En Tucumán, administradores de consorcio aseguran que otro obstáculo para instalar esta tecnología es la morosidad. “Cada vez que se propuso la compra de un grupo electrógeno el consorcio lo rechazó, porque en Tucumán hay un alto nivel de morosidad. Hacer expensas extraordinarias para solventar esa compra es imposible. La morosidad se da por muchos factores: carencia real, picardía, entre otros. Mayormente es porque la gente se abusa y sabe que el cobro vía legal es difícil y largo”, dijo un administrador de consorcios tucumano, que pidió que no publiquen su nombre para evitar “disgustos” con los inquilinos y propietarios. Por otra parte, otro factor que no sirve de presión para la compra de un grupo electrógeno son los esporádicos y breves cortes de suministro eléctrico en el microcentro, donde se erige la mayor cantidad de edificios de la provincia: “si fueran más prolongados y constantes (los cortes) los mismos propietarios cambiarían de idea”.

Tecnología mixta

Las insuficiencias del sistema eléctrico y la contaminación de los motores obligaron a los constructores a buscar nuevas alternativas para enfrentar esta problemática. Desarrolladores inmobiliarios locales encontraron en los paneles solares una solución -a medias- para proveer de luz ciertos sectores de casas o edificios y reducir la contaminación. Máximo Coletti explicó que en varios de los edificios que él construyó utilizan paneles solares que proveen a diario de iluminación general al inmueble y a las bombas de agua, y que continúan haciéndolo normalmente cuando hay cortes: “por ahora no hay tecnología solar suficiente para que brinden suministro a los ascensores. Dadas las circunstancias, estamos planteando generadores para ascensores únicamente. El resto seguirá funcionando con energía solar”.

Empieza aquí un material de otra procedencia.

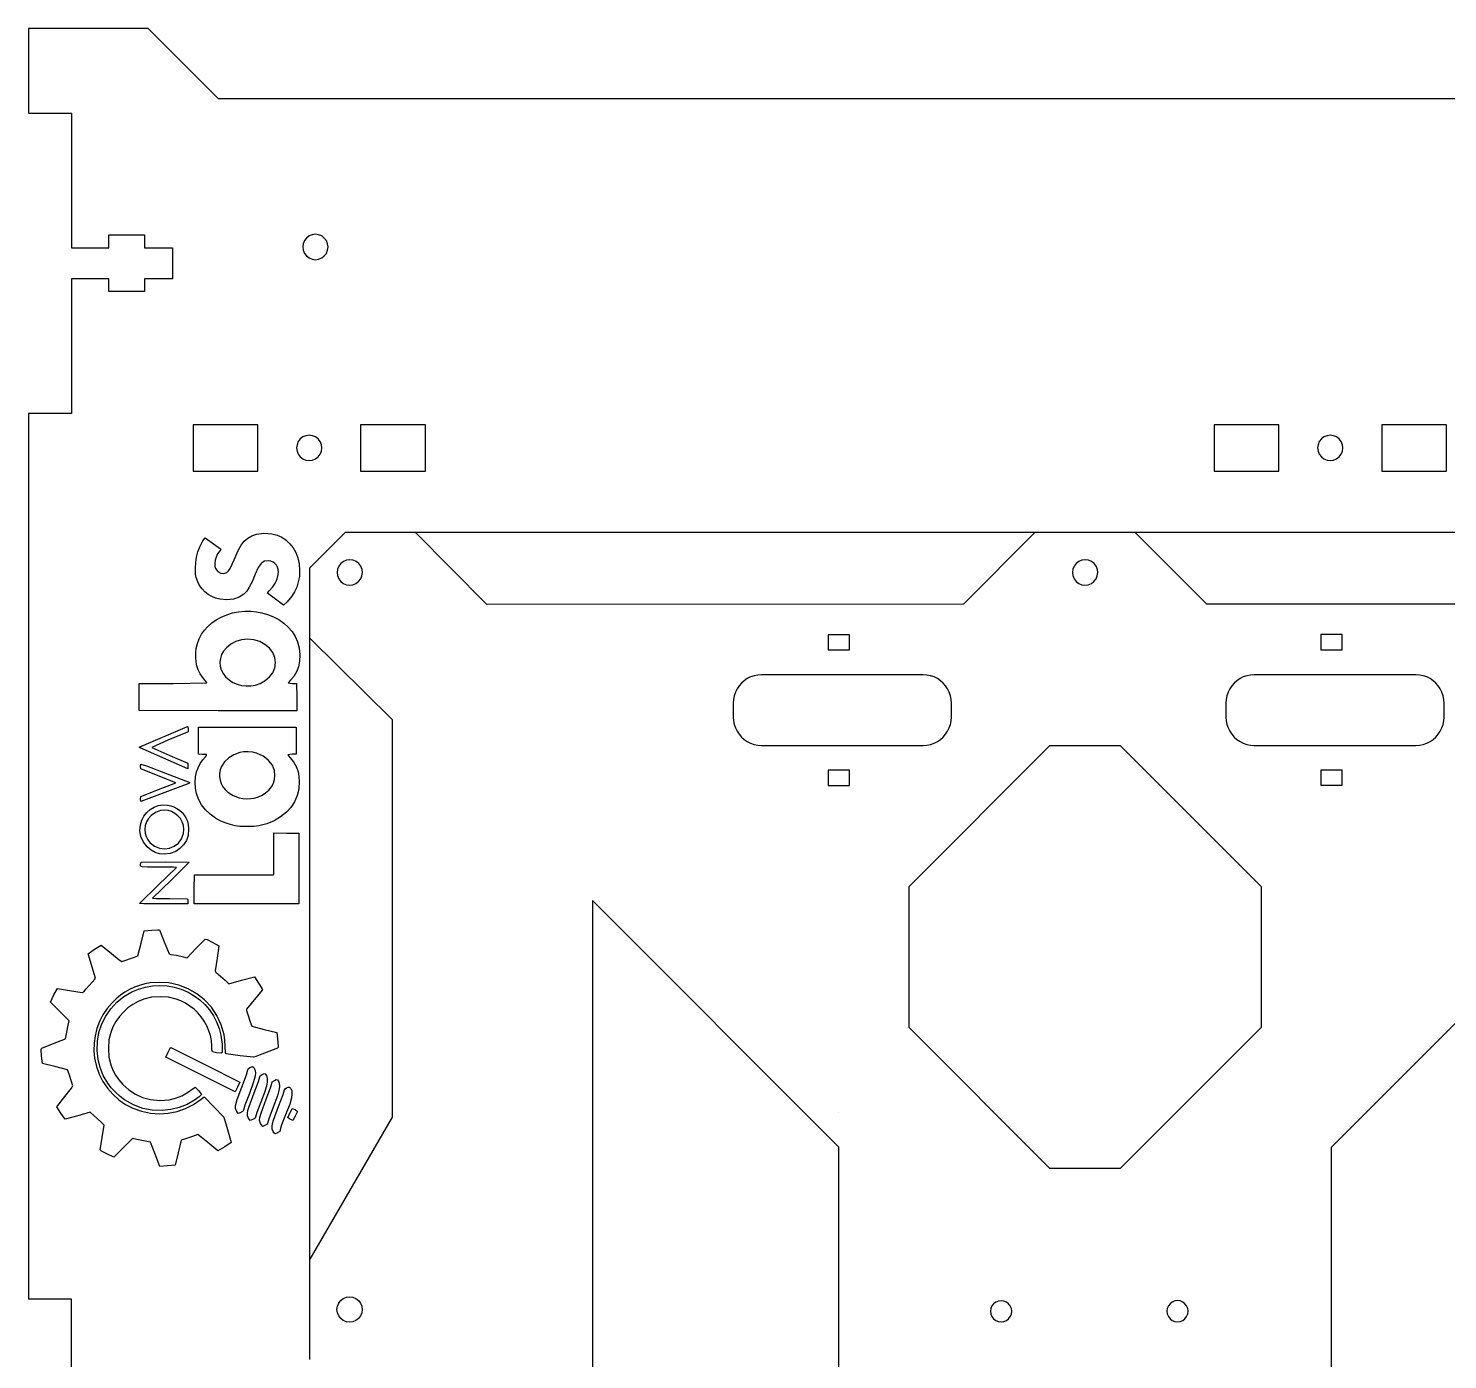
# Model space of a CAD drawing. Extents: x 67 to 939, y 34 to 584.
# Drawn here: x 66.6 to 267.9, y 371.2 to 560 of the extents above; entities that cross this region are included whole.
import ezdxf

# ---------------------------------------------------------------- set-up
doc = ezdxf.new("R2010")
doc.units = 0
doc.layers.get('0').update_dxf_attribs({"linetype": 'CONTINUOUS'})

msp = doc.modelspace()

# ---------------------------------------------------------------- linework, layer by layer
at = {"color": 3}
for p, q in [((66.646027, 559.990277), (66.641794, 548.001082)), ((83.607922, 560.001001), (66.646027, 559.990277)), ((93.587949, 550.001078), (83.607922, 560.001001)), ((392.374753, 550.001078), (93.587949, 550.001078)), ((66.641794, 548.001082), (72.72961, 548.001082)), ((72.72961, 548.001082), (72.729723, 528.901241)), ((78.019103, 528.901241), (78.019103, 530.701227)), ((78.019103, 530.701227), (83.108925, 530.701227)), ((83.108925, 530.701227), (83.108925, 528.901241)), ((72.729723, 528.901241), (78.019103, 528.901241)), ((83.108925, 528.901241), (87.051033, 528.901241)), ((87.051033, 528.901241), (87.051033, 524.501284)), ((78.019103, 524.501284), (72.729723, 524.501284)), ((72.729723, 524.501284), (72.729723, 505.401415)), ((78.019103, 522.701299), (78.019103, 524.501284)), ((87.051033, 524.501284), (83.108925, 524.501284)), ((83.108925, 524.501284), (83.108925, 522.701299)), ((83.108925, 522.701299), (78.019103, 522.701299)), ((66.641907, 505.401415), (66.633723, 379.827005)), ((72.729723, 505.401415), (66.641907, 505.401415)), ((106.561958, 371.231707), (106.561958, 483.501593)), ((251.423799, 401.328277), (286.353852, 436.327529)), ((251.423799, 351.573007), (251.423799, 401.328277)), ((66.633723, 379.827005), (72.722046, 379.827005)), ((72.722046, 379.827005), (72.722131, 360.729639))]:
    msp.add_line(p, q, dxfattribs=at)
at = {"color": 7}
for p, q in [((105.592948, 529.467238), (105.531678, 529.000894)), ((105.772583, 529.901747), (105.592948, 529.467238)), ((106.058333, 530.274902), (105.772583, 529.901747)), ((106.430725, 530.561244), (106.058333, 530.274902)), ((106.864416, 530.741217), (106.430725, 530.561244)), ((107.3298, 530.802629), (106.864416, 530.741217)), ((107.795185, 530.741217), (107.3298, 530.802629)), ((108.228847, 530.561244), (107.795185, 530.741217)), ((108.601268, 530.274902), (108.228847, 530.561244)), ((108.887018, 529.901747), (108.601268, 530.274902)), ((109.066652, 529.467238), (108.887018, 529.901747)), ((109.127923, 529.000894), (109.066652, 529.467238)), ((105.531678, 529.000894), (105.592948, 528.534578)), ((105.592948, 528.534578), (105.772583, 528.100041)), ((105.772583, 528.100041), (106.058333, 527.726887)), ((106.058333, 527.726887), (106.430725, 527.440572)), ((106.430725, 527.440572), (106.864416, 527.260571)), ((107.795185, 527.260571), (108.228847, 527.440572)), ((108.228847, 527.440572), (108.601268, 527.726887)), ((108.601268, 527.726887), (108.887018, 528.100041)), ((108.887018, 528.100041), (109.066652, 528.534578)), ((109.066652, 528.534578), (109.127923, 529.000894)), ((106.864416, 527.260571), (107.3298, 527.199187)), ((107.3298, 527.199187), (107.795185, 527.260571)), ((99.182524, 503.801441), (90.000904, 503.801441)), ((90.000904, 503.801441), (90.000904, 497.201505)), ((99.182524, 497.201505), (99.182524, 503.801441)), ((122.934939, 503.801441), (113.753347, 503.801441)), ((113.753347, 503.801441), (113.753347, 497.201505)), ((122.934939, 497.201505), (122.934939, 503.801441)), ((243.977482, 503.801441), (234.795862, 503.801441)), ((234.795862, 503.801441), (234.795862, 497.201505)), ((243.977482, 497.201505), (243.977482, 503.801441)), ((258.548305, 503.801441), (258.548277, 497.201505)), ((267.729897, 503.801441), (258.548305, 503.801441)), ((267.729897, 497.201505), (267.729897, 503.801441)), ((104.910704, 501.402327), (104.73107, 500.967789)), ((105.196482, 501.775481), (104.910704, 501.402327)), ((105.568875, 502.061795), (105.196482, 501.775481)), ((106.002537, 502.241797), (105.568875, 502.061795)), ((106.467922, 502.30318), (106.002537, 502.241797)), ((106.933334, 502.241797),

Qué hay que saber antes de comprar

El grupo electrógeno es una máquina que genera electricidad gracias a un motor de combustión interna, explica Daniel Zeitune, gerente de Mundo Ferretero, y agrega que en general esos equipos usan nafta. “Igual que ocurre con un auto, sólo se justifica comprar uno diesel si el consumo es alto, porque el equipo diesel es más caro”, aclaró. Para calcular qué generador necesitamos, Zeitune indica que hay que evaluar si en casa hay artefactos con motor, como heladeras, acondicionadores de aire, bombas de agua y hasta ascensores. “Es necesario saber que al momento del arranque del motor, el consumo nominal se multiplica por cuarto”, especifica. Así, por ejemplo, un split frío calor de 3.000 frigorías, que consume unos 1.200 vatios, al momento de arrancar necesitará 4.800. Un equipo de 13 kva de potencia, que permite refrigerar negocios grandes, o bares, por ejemplo, ronda los $ 140.000; se puede pagar con tarjeta, hasta en tres cuotas sin interés. “Con los cortes de las últimas semanas la gente pregunta mucho, pero la demanda concreta no aumentó gran cosa”, reconoció Zeitune.

Equipos hogareños

Según informó Adela Paz, de la ferretería Polos, un grupo electrógeno mediano, de 5.2 kva, permite hacer funcionar la heladera y dos acondicionadores de aire chicos (consumen unos 1.700 vatios c/u). Cuesta unos $ 25.000 de contado y tiene una autonomía de ocho horas con un tanque de nafta de 12 litros.